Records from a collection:
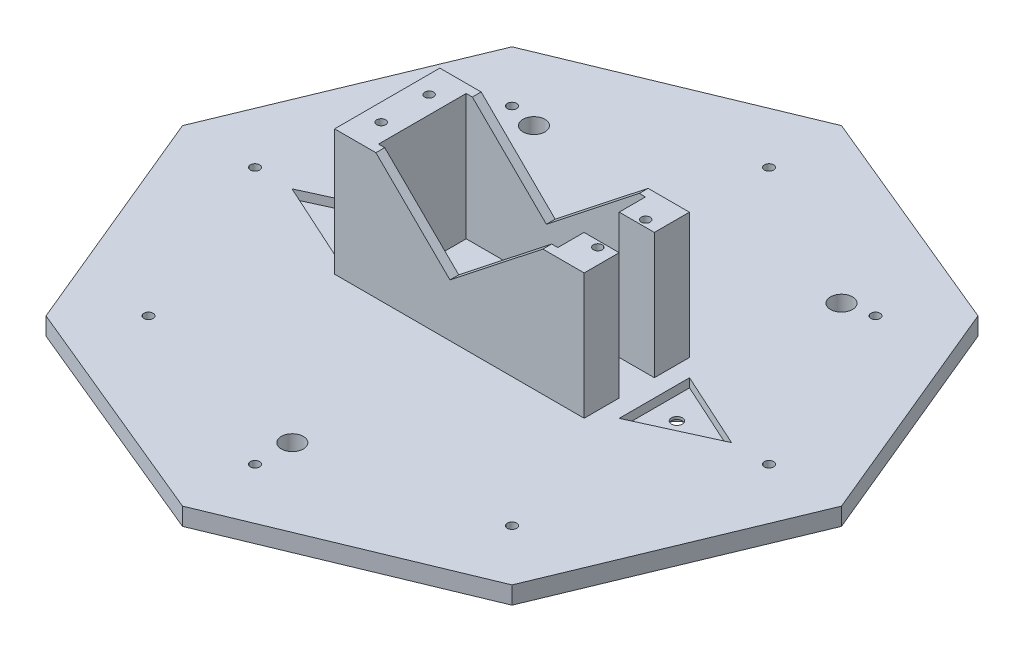
from build123d import *

# Parameters (mm, degrees)
AUFSATZ_LINEAR_AUSTRAGEN1_DEPTH      = 3
AUFSATZ_LINEAR_AUSTRAGEN1_DEPTH_BACK = 1
AUFSATZ_LINEAR_AUSTRAGEN3_DEPTH      = 31.65
SCHNITT_LINEAR_AUSTRAGEN1_DEPTH      = 28.65
SKIZZE7_R                            = 2.5
SCHNITT_LINEAR_AUSTRAGEN2_DEPTH      = 110.867294952
SCHNITT_LINEAR_AUSTRAGEN6_DEPTH      = 2
SKIZZE9_R                            = 1
SCHNITT_LINEAR_AUSTRAGEN5_DEPTH      = 13.1
SKIZZE10_R                           = 1.25
SCHNITT_LINEAR_AUSTRAGEN7_DEPTH      = 111.405717696
SKIZZE11_R                           = 2.75
SCHNITT_LINEAR_AUSTRAGEN8_DEPTH      = 1.4
SKIZZE14_R                           = 1.05
SCHNITT_LINEAR_AUSTRAGEN9_DEPTH      = 10


with BuildPart() as part:
    # Skizze2 → Aufsatz-Linear austragen1 (new, two sides: drawn at the far end of the back side and taken through both)
    with BuildSketch(Plane(origin=(0, 0, 0), x_dir=(1, 0, 0), z_dir=(0, 1, 0)).offset(-AUFSATZ_LINEAR_AUSTRAGEN1_DEPTH_BACK)):
        Polygon((-53.033008589, 53.033008589), (-75, 0), (-53.033008589, -53.033008589), (0, -75), (53.033008589, -53.033008589), (75, 0), (53.033008589, 53.033008589), (0, 75), align=None)
    extrude(amount=AUFSATZ_LINEAR_AUSTRAGEN1_DEPTH + AUFSATZ_LINEAR_AUSTRAGEN1_DEPTH_BACK)

    # Skizze5 → Aufsatz-Linear austragen3 (add)
    with BuildSketch(Plane(origin=(0, 0, 0), x_dir=(1, 0, 0), z_dir=(0, 1, 0))):
        Polygon((20.4, -4), (28.4, -4), (28.4, -11.975), (-28.4, -11.975), (-28.4, 11.975), (28.4, 11.975), (28.4, 4), (20.4, 4), (20.4, 9.975), (-20.4, 9.975), (-20.4, -9.975), (20.4, -9.975), align=None)
    extrude(amount=AUFSATZ_LINEAR_AUSTRAGEN3_DEPTH)

    # Skizze6 → Schnitt-Linear austragen1 (cut)
    with BuildSketch(Plane.XY.offset(11.975)):
        Polygon((-19, 31.65), (19, 31.65), (-2.152730863, 14.994542406), align=None)
    extrude(amount=-SCHNITT_LINEAR_AUSTRAGEN1_DEPTH, mode=Mode.SUBTRACT)

    # Skizze7 → Schnitt-Linear austragen2 (cut, through all)
    with BuildSketch(Plane(origin=(0, 3, 0), x_dir=(1, 0, 0), z_dir=(0, 1, 0))):
        with Locations((35, 40)):
            Circle(SKIZZE7_R)
        with Locations((-35, 40)):
            Circle(SKIZZE7_R)
        with Locations((0, -50)):
            Circle(SKIZZE7_R)
    extrude(amount=-SCHNITT_LINEAR_AUSTRAGEN2_DEPTH, mode=Mode.SUBTRACT)

    # Skizze8 → Schnitt-Linear austragen6 (cut)
    with BuildSketch(Plane(origin=(0, 3, 0), x_dir=(1, 0, 0), z_dir=(0, 1, 0))):
        Polygon((-32.4, -8.05), (-32.4, 8.05), (-50.075644699, 0), align=None)
        Polygon((49.9752149, 0), (32.4, 8.004261364), (32.4, -8.004261364), align=None)
    extrude(amount=-SCHNITT_LINEAR_AUSTRAGEN6_DEPTH, mode=Mode.SUBTRACT)

    # Skizze9 → Schnitt-Linear austragen5 (cut)
    with BuildSketch(Plane(origin=(0, 31.65, 0), x_dir=(1, 0, 0), z_dir=(0, 1, 0))):
        with Locations((-24.4, -5.375)):
            Circle(SKIZZE9_R)
        with Locations((-24.4, 5.525)):
            Circle(SKIZZE9_R)
        with Locations((24.9, 5.525)):
            Circle(SKIZZE9_R)
        with Locations((24.9, -5.375)):
            Circle(SKIZZE9_R)
    extrude(amount=-SCHNITT_LINEAR_AUSTRAGEN5_DEPTH, mode=Mode.SUBTRACT)

    # Skizze10 → Schnitt-Linear austragen7 (cut, through all)
    with BuildSketch(Plane(origin=(0, 1, 0), x_dir=(1, 0, 0), z_dir=(0, 1, 0))):
        with Locations((-37.487800905, 0)):
            Circle(SKIZZE10_R)
        with Locations((37.49, 0.05)):
            Circle(SKIZZE10_R)
    extrude(amount=-SCHNITT_LINEAR_AUSTRAGEN7_DEPTH, mode=Mode.SUBTRACT)

    # Skizze11 → Schnitt-Linear austragen8 (cut)
    with BuildSketch(Plane.XZ.offset(1)):
        with Locations((-37.487800905, 0)):
            Circle(SKIZZE11_R)
        with Locations((37.49, -0.05)):
            Circle(SKIZZE11_R)
    extrude(amount=-SCHNITT_LINEAR_AUSTRAGEN8_DEPTH, mode=Mode.SUBTRACT)

    # Skizze14 → Schnitt-Linear austragen9 (cut)
    with BuildSketch(Plane(origin=(0, 3, 0), x_dir=(1, 0, 0), z_dir=(0, 1, 0))):
        with Locations((-58.5, 0)):
            Circle(SKIZZE14_R)
        with Locations((0, 58.5)):
            Circle(SKIZZE14_R)
        with Locations((-41.365746699, 41.365746699)):
            Circle(SKIZZE14_R)
        with Locations((41.365746699, 41.365746699)):
            Circle(SKIZZE14_R)
        with Locations((58.5, 0)):
            Circle(SKIZZE14_R)
        with Locations((41.365746699, -41.365746699)):
            Circle(SKIZZE14_R)
        with Locations((-41.365746699, -41.365746699)):
            Circle(SKIZZE14_R)
        with Locations((0, -58.5)):
            Circle(SKIZZE14_R)
    extrude(amount=-SCHNITT_LINEAR_AUSTRAGEN9_DEPTH, mode=Mode.SUBTRACT)


solid = part.part

### INSTRUCTIONS TO FOLLOW
What the answer needs is every line from the data above with "align" in it.

### COMPLETED EXERCISE
        Polygon((-53.033008589, 53.033008589), (-75, 0), (-53.033008589, -53.033008589), (0, -75), (53.033008589, -53.033008589), (75, 0), (53.033008589, 53.033008589), (0, 75), align=None)
        Polygon((20.4, -4), (28.4, -4), (28.4, -11.975), (-28.4, -11.975), (-28.4, 11.975), (28.4, 11.975), (28.4, 4), (20.4, 4), (20.4, 9.975), (-20.4, 9.975), (-20.4, -9.975), (20.4, -9.975), align=None)
        Polygon((-19, 31.65), (19, 31.65), (-2.152730863, 14.994542406), align=None)
        Polygon((-32.4, -8.05), (-32.4, 8.05), (-50.075644699, 0), align=None)
        Polygon((49.9752149, 0), (32.4, 8.004261364), (32.4, -8.004261364), align=None)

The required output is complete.